Dans ce contexte, cela serait une erreur que de voir dans le résultat des Bleues (3e mondial), une performance avec ce score large de (6-0) acquis devant 11.019 spectateurs au stade de la Vallée du Cher à Tours. A l’inverse, il serait illogique de ne tirer aucun plaisir à cette rencontre qui a montré une volonté du banc à s’insérer dans un onze de titulaires et surtout dans la liste des 23 à venir pour début Mai.

“On a vu des choses intéressantes jusqu’au bout. Il y a des enseignements à tirer.” C’est ainsi que s’exprimera Corinne Diacre, en conférence d’après match.

Cinq joueuses comme titulaires pour un ticket dans la liste des 23.

Corinne Diacre avait fait le choix d’aligner pas moins de cinq nouvelles joueuses en comparaison de l’équipe choisie face à l’Allemagne (défaite 0-1). Des choix pas spécialement faits au motif d’une sanction mais pour tester des équilibres différents et certainement, activer le mot “concurrence” pour une liste “qui devrait être sans surprise” souffle-t-elle au micro de W9, tout juste en fin de rencontre.

Son argument était le même, en conférence d’après match. “J’ai mis une équipe de France compétitive. Aujourd’hui on n’est plus à l’heure des essais, mais des confirmations, des automatismes et du travail.”
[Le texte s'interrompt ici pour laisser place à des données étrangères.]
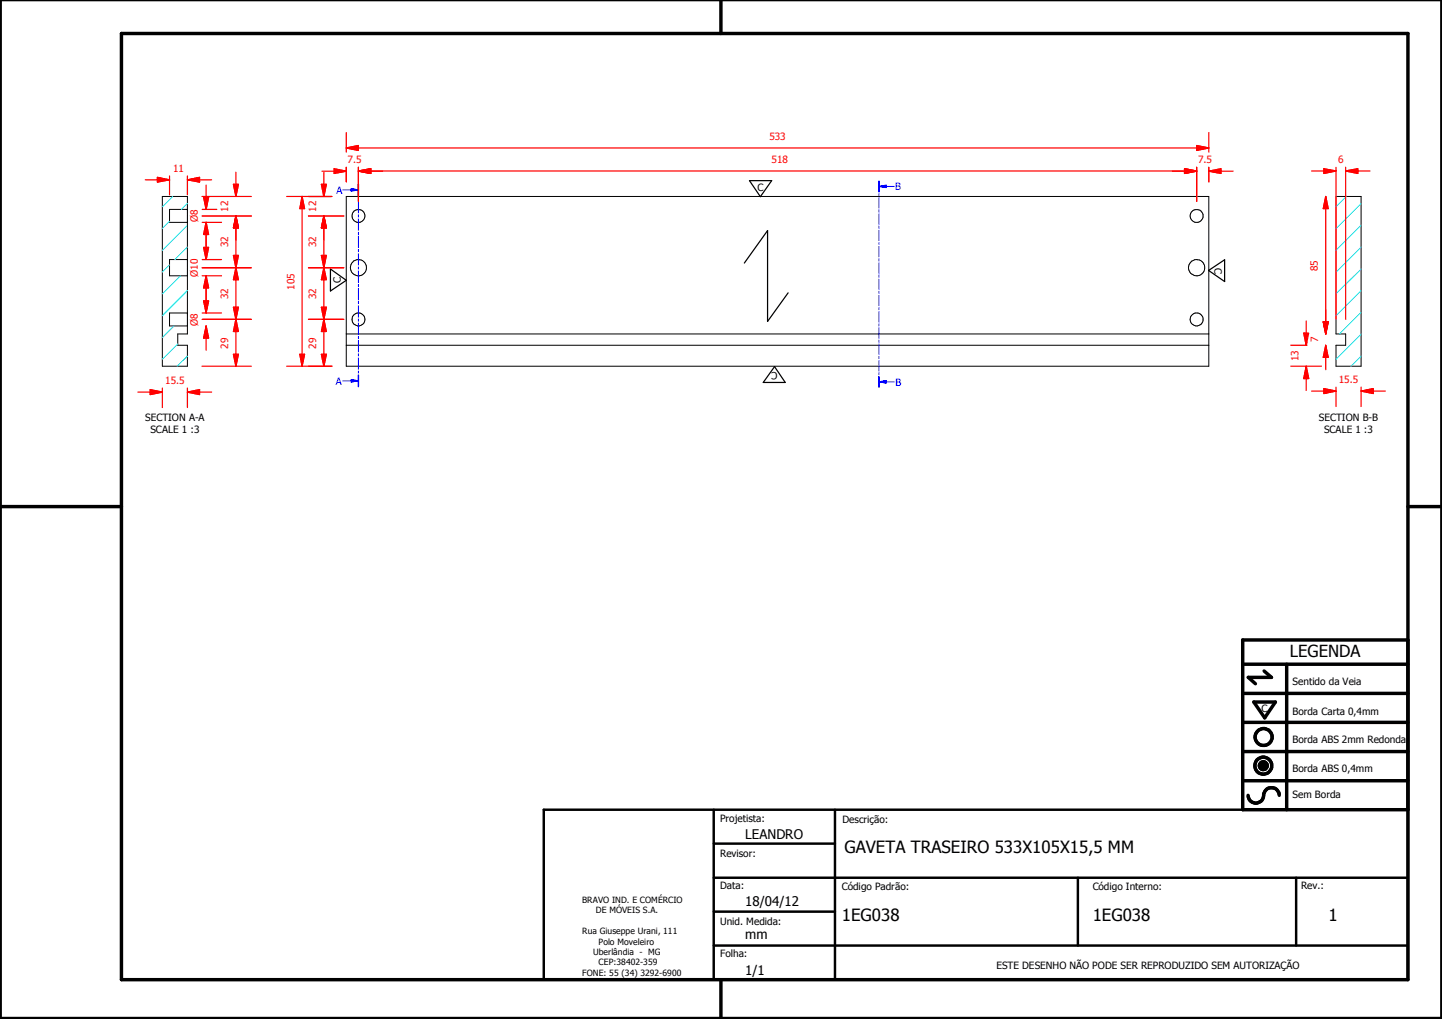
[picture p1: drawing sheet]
<svg xmlns="http://www.w3.org/2000/svg" width="297mm" height="210mm" viewBox="0 0 297 210" stroke-linecap="round" stroke-linejoin="round" font-family="sans-serif">
<g fill="none" stroke="#000" stroke-width=".21">
<path d="M33.4 40.5h5.2v28.3h-2v2.3h2v4.3h-5.2zM38.6 53.5h-3.7v3.3h3.7M38.6 43.1h-3.7v2.7h3.7M71.3 40.5h177.7v34.9h-177.7zM275.2 40.5h5.2v34.9h-5.2v-4.3h2v-2.3h-2zM38.6 64.5h.1M38.6 64.5h-3.7v2.6h3.7M71.3 68.8h177.7M71.3 71.1h177.7M259.4 157.6l1.6 .1zM259.4 157.7l1.6 .1zM259.4 157.8l1.6 .1z"/>
<path d="M259.4 157.9h1.6v.1zM259.4 157.9l1.6 .1h-1.5zM259.4 157.6h1.6zM259.5 158h1.5zM259.5 158l1.4 .1zM259.5 157.5l1.5 .1zM259.5 158.1h1.4zM259.5 157.4l1.5 .1zM259.5 158.1l1.4 .1zM259.5 157.3l1.4 .1zM259.6 158.2h1.3zM259.6 158.2h1.2z"/>
<path d="M259.6 157.2l1.3 .1zM259.6 158.2l1.2 .1zM259.6 157.2h1.3zM259.7 158.3h1.1zM259.7 158.3l1 .1zM259.7 157.1l1.1 .1zM259.7 157.1h1.1zM259.8 158.4h.9zM259.8 158.4h.8zM259.8 157.1h1zM259.8 157.1h.9zM259.8 158.4l.8 .1z"/>
<path d="M259.8 157l.9 .1zM259.8 157h.8zM259.9 158.5h.7zM259.9 158.5h.6zM259.9 157h.7zM260 158.5h.5zM260 158.5h.4zM260 157h.6zM260.1 158.5h.3zM260.1 158.5h.2zM260.1 156.9l.4 .1zM260.1 156.9h.3z"/>
<path d="M260.1 156.9h.2z"/>
<circle cx="73.8" cy="55.1" r="1.67"/>
<circle cx="73.8" cy="44.5" r="1.32"/>
<circle cx="246.5" cy="55.1" r="1.68"/>
<circle cx="246.5" cy="44.5" r="1.34"/>
<circle cx="73.8" cy="65.8" r="1.34"/>
<circle cx="246.5" cy="65.8" r="1.34"/>
</g>
<g fill="#000">
<path d="M259.4 157.6h1.6zM259.5 157.5l1.5 .1zM259.5 157.4l1.5 .1zM259.5 157.3l1.4 .1zM259.6 157.2l1.3 .1zM259.6 157.2h1.3zM259.7 157.1l1.1 .1zM259.7 157.1h1.1zM259.8 157.1h1zM259.8 157.1h.9zM259.8 157l.9 .1zM259.8 157h.8z"/>
<path d="M259.9 157h.7zM260 157h.6zM260.1 156.9l.4 .1zM260.1 156.9h.3zM260.1 156.9h.2zM260.1 158.5h.2zM260 158.5h.4zM260.1 158.5h.3zM259.9 158.5h.6zM260 158.5h.5zM259.8 158.4l.8 .1zM259.9 158.5h.7z"/>
<path d="M259.8 158.4h.8zM259.7 158.3l1 .1zM259.8 158.4h.9zM259.6 158.2l1.2 .1zM259.7 158.3h1.1zM259.6 158.2h1.2zM259.5 158.1l1.4 .1zM259.6 158.2h1.3zM259.5 158l1.4 .1zM259.5 158.1h1.4zM259.4 157.9l1.6 .1h-1.5zM259.5 158h1.5z"/>
<path d="M259.4 157.6l1.6 .1zM259.4 157.7l1.6 .1zM259.4 157.8l1.6 .1zM259.4 157.9h1.6v.1z"/>
</g>
<g fill="none" stroke="#000" stroke-width=".71">
<path d="M148.5 0v6.9M297 -.1v209.9h-297v-209.9M25 6.9h265v194.9h-265zM0 104.4h25M290 104.4h7M256 136.8h34M260.4 138.2l1.5 1.3h-4.8l1.5 1.3M265 136.8v30M290 131.8h-34v35h34M256 154.8h34M256 148.8h34M256 142.8h34"/>
<path d="M258.3 144.6h4.4l-2.2 3.3zM256 160.8h34M257.1 163.8a1.62 1.62 0 0 0 1.8 1.6 1.62 1.62 0 0 0 1.4-1.9 1.63 1.63 0 0 1 1.7-1.2 1.63 1.63 0 0 1 1.5 1.5M148.5 201.8v8"/>
<circle cx="260.2" cy="157.7" r="1.76"/>
<circle cx="260.2" cy="157.7" r=".82"/>
<circle cx="260.3" cy="151.8" r="1.76"/>
</g>
<path d="M112 166.8h178v35h-178zM147 173.8h25M147 166.8v35M172 166.8v35M147 194.8h143M147 180.8h143M147 187.8h25M222 180.8v14M267 180.8v14" fill="none" stroke="#000" stroke-width=".51"/>
<g fill="none" stroke="#00f" stroke-width=".21">
<path d="M72.3 39.1h1.5M73.8 37.9v2.4M73.8 40.7v.4M73.8 41.5v2.4M73.8 44.2v.5M73.8 45.1v2.4M73.8 47.8v.5M73.8 48.6v2.4M73.8 51.4v.5M73.8 52.2v2.4M73.8 55v.4M73.8 55.8v2.4"/>
<path d="M73.8 58.6v.4M73.8 59.4v2.4M73.8 62.1v.5M73.8 62.9v2.5M73.8 65.7v.5M73.8 66.5v2.4M73.8 69.3v.4M73.8 70.1v2.4M73.8 72.9v.4M73.8 73.7v2.4M73.8 76.5v.4M73.8 77.3v2.3"/>
</g>
<path d="M73.8 37.9v2.4M73.8 77.3v2.3" fill="none" stroke="#00f" stroke-width=".3"/>
<path d="M72.3 38.9l1.5 .2-1.5 .3z" fill="#00f"/>
<path d="M70.6 39.1h1.7M72.3 38.9l1.5 .2-1.5 .3zM72.3 78.4h1.5" fill="none" stroke="#00f" stroke-width=".21"/>
<path d="M72.3 78.2l1.5 .2-1.5 .3z" fill="#00f"/>
<g fill="none" stroke="#00f" stroke-width=".21">
<path d="M181.1 37.3v2.2M181.1 39.9v.4M181.1 38.4h1.4M181.1 40.7v2.1M181.1 43.2v.5M181.1 44.1v2.1M181.1 46.6v.4M181.1 47.4v2.2M181.1 50v.4M181.1 50.8v2.1M181.1 53.3v.5M181.1 54.1v2.2"/>
<path d="M181.1 56.6v.5M181.1 57.5v2.1M181.1 60v.5M70.6 78.4h1.7M72.3 78.2l1.5 .2-1.5 .3zM181.1 60.8v2.2M181.1 63.4v.4M181.1 64.2v2.1M181.1 66.7v.4M181.1 67.5v2.2M181.1 70.1v.4M181.1 70.9v2.1"/>
<path d="M181.1 73.4v.5M181.1 74.3v2.1M181.1 76.8v.4M181.1 77.6v2.2"/>
</g>
<path d="M34.9 54.6l-1.5 1.4M34.9 45.6l-1.5 1.5M35.6 40.5l-2.2 2.1M37.2 56.8l-3.8 3.7M38.4 46.6l-5 5M38.6 59.9l-5.2 5.1M38.6 50.9l-2.6 2.6M38.6 41.9l-1.2 1.2M35.9 67.1l-2.5 2.5M36.6 70.9l-3.2 3.1M38.6 73.4l-2.1 2" fill="none" stroke="#0ff" stroke-width=".21"/>
<path d="M181.1 37.3v2.2M181.1 77.6v2.2" fill="none" stroke="#00f" stroke-width=".3"/>
<path d="M181.1 38.4l1.4-.3v.6z" fill="#00f"/>
<path d="M181.1 38.4l1.4-.3v.6zM182.5 38.4h1.7M181.1 78.7h1.4" fill="none" stroke="#00f" stroke-width=".21"/>
<path d="M181.1 78.7l1.4-.3v.5z" fill="#00f"/>
<path d="M181.1 78.7l1.4-.3v.5zM182.5 78.7h1.7" fill="none" stroke="#00f" stroke-width=".21"/>
<path d="M277.3 40.5l-2.1 2.1M280.4 59.9l-5.2 5.1M280.4 55.4l-5.2 5.1M280.4 50.9l-5.2 5.1M280.4 46.4l-5.2 5.2M280.4 41.9l-5.2 5.2M280.4 73.4l-2.1 2M280.4 68.8l-5.2 5.2M280.4 64.3l-4.5 4.5" fill="none" stroke="#0ff" stroke-width=".21"/>
<path d="M154.4 37.2h4.6l-2.4 3.3zM68.1 55.4l3.2 2.3-3.2 2.2zM153.3 54.2l4.8-6.7v18.7l4.2-5.9M249 55.7l3.3-2.2v4.5zM159.6 75.5l2.2 3.3h-4.6z" fill="none" stroke="#000" stroke-width=".25"/>
<path d="M68.8 35.3h2.5" fill="none" stroke="#f00" stroke-width=".25"/>
<path d="M68.8 34.8l2.5 .5-2.5 .4z" fill="#f00"/>
<path d="M68.8 34.8l2.5 .5-2.5 .4zM73.8 35.3h2.6" fill="none" stroke="#f00" stroke-width=".25"/>
<path d="M73.8 35.3l2.6-.5v.9z" fill="#f00"/>
<path d="M66.3 35.3h2.5M71.3 34.5v3M73.8 35.3l2.6-.5v.9zM73.8 34.5v7M73.8 35.2h2.6M76.4 35.3h2.4" fill="none" stroke="#f00" stroke-width=".25"/>
<path d="M73.8 35.2l2.6-.4v.9z" fill="#f00"/>
<path d="M73.8 35.2l2.6-.4v.9zM244 35.2h2.5" fill="none" stroke="#f00" stroke-width=".25"/>
<path d="M244 34.8l2.5 .4-2.5 .5z" fill="#f00"/>
<path d="M73.8 34.5v7M76.4 35.2h167.6M244 34.8l2.5 .4-2.5 .5zM244 35.3h2.5M246.5 34.5v7" fill="none" stroke="#f00" stroke-width=".25"/>
<path d="M244 34.8l2.5 .5-2.5 .4z" fill="#f00"/>
<path d="M244 34.8l2.5 .5-2.5 .4zM249 35.3h2.5" fill="none" stroke="#f00" stroke-width=".25"/>
<path d="M249 35.3l2.5-.5v.9z" fill="#f00"/>
<path d="M71.3 30.5h2.5M241.5 35.3h2.5M246.5 34.5v7M249 35.3l2.5-.5v.9zM249 34.5v3M251.5 35.3h2.5" fill="none" stroke="#f00" stroke-width=".25"/>
<path d="M71.3 30.5l2.5-.5v1z" fill="#f00"/>
<path d="M71.3 30.5l2.5-.5v1zM246.5 30.5h2.5" fill="none" stroke="#f00" stroke-width=".25"/>
<path d="M246.5 30l2.5 .5-2.5 .5z" fill="#f00"/>
<path d="M66.7 38v2.5M71.3 27.3v4M71.3 34.5v3M73.8 30.5h172.7M246.5 30l2.5 .5-2.5 .5zM249 27.3v4M249 34.5v3" fill="none" stroke="#f00" stroke-width=".25"/>
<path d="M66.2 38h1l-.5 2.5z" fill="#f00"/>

Pour les spécialistes, la jeune parisienne Katoto était remplacée par Valérie Gauvin (Montpellier), Grace Geyoro (PSG) s’essayait au rôle de meneuse de jeu au lieu et place de Gaetane Thiney. Viviane Asseyi (Bordeaux) prenait le rôle de Kadidiatou Diani (PSG) à la place habituelle d’Eugènie Le Sommer, blessée. Charlotte Bilbault (Paris FC) se tenait comme titulaire au côté de la capitaine Amandine Henry, laissant Elise Bussaglia (Dijon) sur le banc et Amel Majri (OL) s’installait flanc gauche à la place de Sakina Karchaoui (Montpellier).

Objectif atteint pour les joueuses et Corinne Diacre.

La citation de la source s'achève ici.